The Last Place You’ve Been – Chris Kelly (reviewed by Dave Franklin)

You could say that the job of a storyteller, a real storyteller, whether they are an author, musician, poet, artist, whatever, is to soak up life, act as a sponge, a repository for narratives and tales, events and anecdotes, to travel the world really getting to the heart of the human experience. How can your art truly reflect life if you haven’t really lived it. And if it doesn’t reflect life then what really is the point?

Chris Kelly knows all about life. As a member of The Scooters he travelled the world with his music experiencing everything life had to offer, from the highs that come with being a globe-trotting musician to the lows of personal tragedy. He’s put the miles in, dues have definitely been paid. 

Now, as an older, wiser, solo musician he has stepped back into the light with a 5-track e.p. a gorgeous blend of understated acoustic pop, singer-songwriter vibes and gentle indie balladry. Using wonderfully restrained structures, a rhythm section which does little more than builds a platform behind him, a rhythmic acoustic guitar and just a smattering of  string washes and layered guitar textures, Kelly still manages to build shimmering soundscapes and chiming acoustica, lush sonics via some deft and to the point songs.

Iron Skin, which kicks things off, is a blend of luxurious indie-folk and Kinks-inspired pop-lullaby, a character study par excellence and the sort of song which could only be written by someone who has seen the world, the real world. Letter To Myself is laced with reflection and nostalgia, a younger man communicating with his future self, a dialogue between then and now, Password runs on a more jaunty beat but is no less soul-searching and the e.p ends with Beautiful Ways, the type of song which you normally only find in Damien Rice territory, which for me is about as high a benchmark as you can hope to hit.

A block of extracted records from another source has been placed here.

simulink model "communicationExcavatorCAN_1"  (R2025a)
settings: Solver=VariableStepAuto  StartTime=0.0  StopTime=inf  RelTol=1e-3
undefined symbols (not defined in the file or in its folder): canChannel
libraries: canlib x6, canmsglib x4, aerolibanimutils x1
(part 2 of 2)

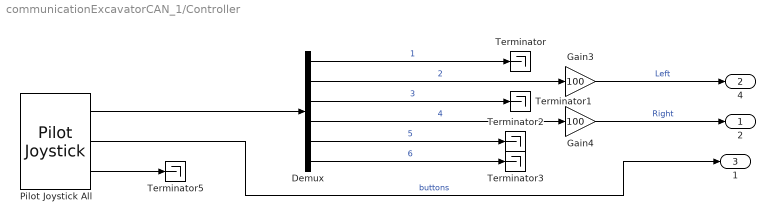
== system communicationExcavatorCAN_1/Controller ==
  Demux : Demux  Outputs=6
  Gain3 : Gain  Gain=100
  Gain4 : Gain  Gain=100
  Pilot Joystick All : aerolibanimutils/Pilot Joystick  JoystickID=Joystick2  OutputConfiguration=AllOutputs  SampleTime=1/50
      settings: LibrarySourceBlock=aerolibanimutils/Pilot Joystick All
  Terminator{,1..3,5} (5 alike) : Terminator
  2 : Outport
  4 : Outport  Port=2
  1 : Outport  Port=3
  wires:
  Demux/6 -> Terminator3/1  "6"
  Demux/5 -> Terminator2/1  "5"
  Pilot Joystick All/3 -> Terminator5/1
  Pilot Joystick All/1 -> Demux/1
  Demux/1 -> Terminator/1  "1"
  Demux/4 -> Gain4/1  "4"
  Pilot Joystick All/2 -> 1/1  "buttons"
  Demux/3 -> Terminator1/1  "3"
  Demux/2 -> Gain3/1  "2"
  Gain3/1 -> 4/1  "Left"
  Gain4/1 -> 2/1  "Right"

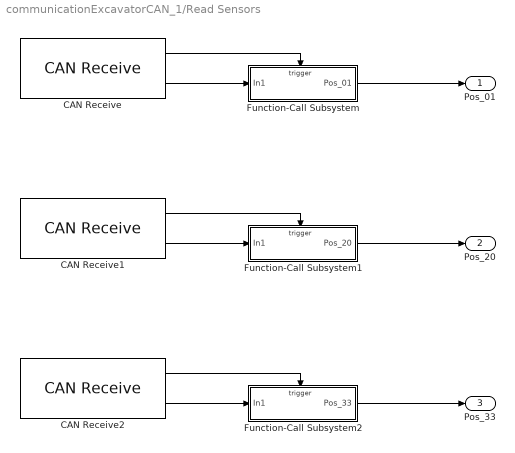
== system communicationExcavatorCAN_1/Read Sensors ==
  CAN Receive : canlib/CAN Receive  BlockHandle=626.0001  Device=Kvaser USBcan Light 1 (Channel 1)  DeviceMenu=Kvaser USBcan Light 1 (Channel 1)  ObjConstructor=canChannel('Kvaser', 'USBcan Light 1', 1)  EnableStandardIDsFilter=off  StdIDsCombo=Allow all  StandardIDs=0  EnableExtendedIDsFilter=off  ExtIDsCombo=Allow all  ExtendedIDs=0  SampleTime=0.01  MsgsPerTimestep=all  InternalFilterUpdateStatus=on  BusOutput=off
  CAN Receive1 : canlib/CAN Receive  BlockHandle=629.0001  Device=Kvaser USBcan Light 1 (Channel 1)  DeviceMenu=Kvaser USBcan Light 1 (Channel 1)  ObjConstructor=canChannel('Kvaser', 'USBcan Light 1', 1)  EnableStandardIDsFilter=off  StdIDsCombo=Allow all  StandardIDs=0  EnableExtendedIDsFilter=off  ExtIDsCombo=Allow all  ExtendedIDs=0  SampleTime=0.01  MsgsPerTimestep=all  InternalFilterUpdateStatus=on  BusOutput=off
  CAN Receive2 : canlib/CAN Receive  BlockHandle=632.0001  Device=Kvaser USBcan Light 1 (Channel 1)  DeviceMenu=Kvaser USBcan Light 1 (Channel 1)  ObjConstructor=canChannel('Kvaser', 'USBcan Light 1', 1)  EnableStandardIDsFilter=off  StdIDsCombo=Allow all  StandardIDs=0  EnableExtendedIDsFilter=off  ExtIDsCombo=Allow all  ExtendedIDs=0  SampleTime=0.01  MsgsPerTimestep=all  InternalFilterUpdateStatus=on  BusOutput=off
  Function-Call Subsystem : Subsystem  TreatAsAtomicUnit=on
  Function-Call Subsystem1 : Subsystem  TreatAsAtomicUnit=on
  Function-Call Subsystem2 : Subsystem  TreatAsAtomicUnit=on
  Pos_01 : Outport
  Pos_20 : Outport  Port=2
  Pos_33 : Outport  Port=3
  wires:
  CAN Receive/2 -> Function-Call Subsystem/1(In1)
  CAN Receive1/2 -> Function-Call Subsystem1/1(In1)
  CAN Receive/1 -> Function-Call Subsystem/Trigger
  CAN Receive2/2 -> Function-Call Subsystem2/1(In1)
  Function-Call Subsystem2/1(Pos_33) -> Pos_33/1
  Function-Call Subsystem/1(Pos_01) -> Pos_01/1
  CAN Receive2/1 -> Function-Call Subsystem2/Trigger
  CAN Receive1/1 -> Function-Call Subsystem1/Trigger
  Function-Call Subsystem1/1(Pos_20) -> Pos_20/1

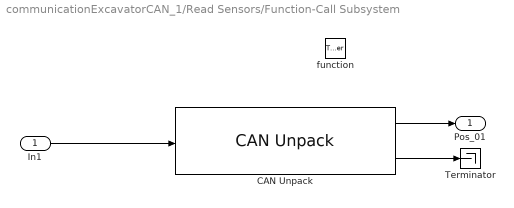
== system communicationExcavatorCAN_1/Read Sensors/Function-Call Subsystem ==
  In1 : Inport
  function : TriggerPort  TriggerType=function-call  VariantControl=(inherit)
  CAN Unpack : canmsglib/CAN Unpack  CANdbFile=C:\Users\Viktor Traktor\Downloads\VolvoExcavator\systemIdentificationVolvo\ec20_kth.dbc  MsgList=Rot_01  MsgName=Rot_01  MsgIDType=Extended (29-bit identifier)  MsgIdentifier=419408385  MsgLength=8  SignalInfo={'SnsrPos_01','0','32','LE','unsigned','Standard','0','1','0','0','4294967295';'SnsrRPM_01','32','16','LE','unsigned','Standard','0','1','0','0','65535'}  IDPort=off  TimestampPort=off  ErrorPort=off  RemotePort=off  LengthPort=off  StatusPort=off  ApplyMinMax=off
      settings: LibrarySourceBlock=canlib/CAN Unpack  DataFormat=CANdb specified signals
  Terminator : Terminator
  Pos_01 : Outport
  wires:
  In1/1 -> CAN Unpack/1
  CAN Unpack/1 -> Pos_01/1
  CAN Unpack/2 -> Terminator/1

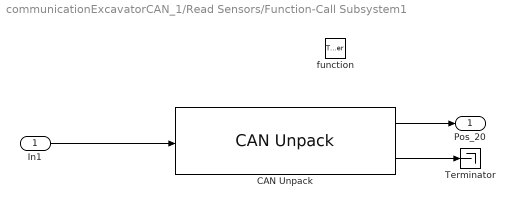
== system communicationExcavatorCAN_1/Read Sensors/Function-Call Subsystem1 ==
  In1 : Inport
  function : TriggerPort  TriggerType=function-call  VariantControl=(inherit)
  CAN Unpack : canmsglib/CAN Unpack  CANdbFile=C:\Users\Viktor Traktor\Downloads\VolvoExcavator\systemIdentificationVolvo\ec20_kth.dbc  MsgList=Rot_20  MsgName=Rot_20  MsgIDType=Extended (29-bit identifier)  MsgIdentifier=419408416  MsgLength=8  SignalInfo={'SnsrPos_20','0','32','LE','unsigned','Standard','0','1','0','0','4294967295';'SnsrRPM_20','32','16','LE','unsigned','Standard','0','1','0','0','65535'}  IDPort=off  TimestampPort=off  ErrorPort=off  RemotePort=off  LengthPort=off  StatusPort=off  ApplyMinMax=off
      settings: LibrarySourceBlock=canlib/CAN Unpack  DataFormat=CANdb specified signals
  Terminator : Terminator
  Pos_20 : Outport
  wires:
  CAN Unpack/1 -> Pos_20/1
  In1/1 -> CAN Unpack/1
  CAN Unpack/2 -> Terminator/1

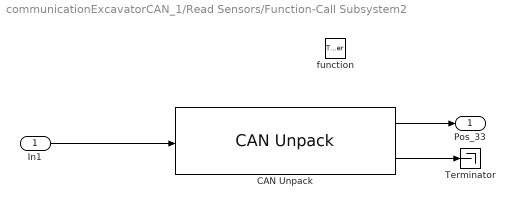
== system communicationExcavatorCAN_1/Read Sensors/Function-Call Subsystem2 ==
  In1 : Inport
  function : TriggerPort  TriggerType=function-call  VariantControl=(inherit)
  CAN Unpack : canmsglib/CAN Unpack  CANdbFile=C:\Users\Viktor Traktor\Downloads\VolvoExcavator\systemIdentificationVolvo\ec20_kth.dbc  MsgList=Rot_33  MsgName=Rot_33  MsgIDType=Extended (29-bit identifier)  MsgIdentifier=419408435  MsgLength=8  SignalInfo={'SnsrPos_33','0','32','LE','unsigned','Standard','0','1','0','0','4294967295';'SnsrRPM_33','32','16','LE','unsigned','Standard','0','1','0','0','65535'}  IDPort=off  TimestampPort=off  ErrorPort=off  RemotePort=off  LengthPort=off  StatusPort=off  ApplyMinMax=off
      settings: LibrarySourceBlock=canlib/CAN Unpack  DataFormat=CANdb specified signals
  Terminator : Terminator
  Pos_33 : Outport
  wires:
  In1/1 -> CAN Unpack/1
  CAN Unpack/1 -> Pos_33/1
  CAN Unpack/2 -> Terminator/1

The Last Place You’ve Been is the sort of album which Chris Kelly probably couldn’t have written as a younger man. There is a maturity and a self-reflection which only comes with having lived, loved and lost, having seen the world, bathed in its highs and been broken by its lows. And that imbues this collection of songs with something many singer-songwriters don’t have…total, heart-on-sleeve, unswerving, unapologetic, raw and beautiful, honesty!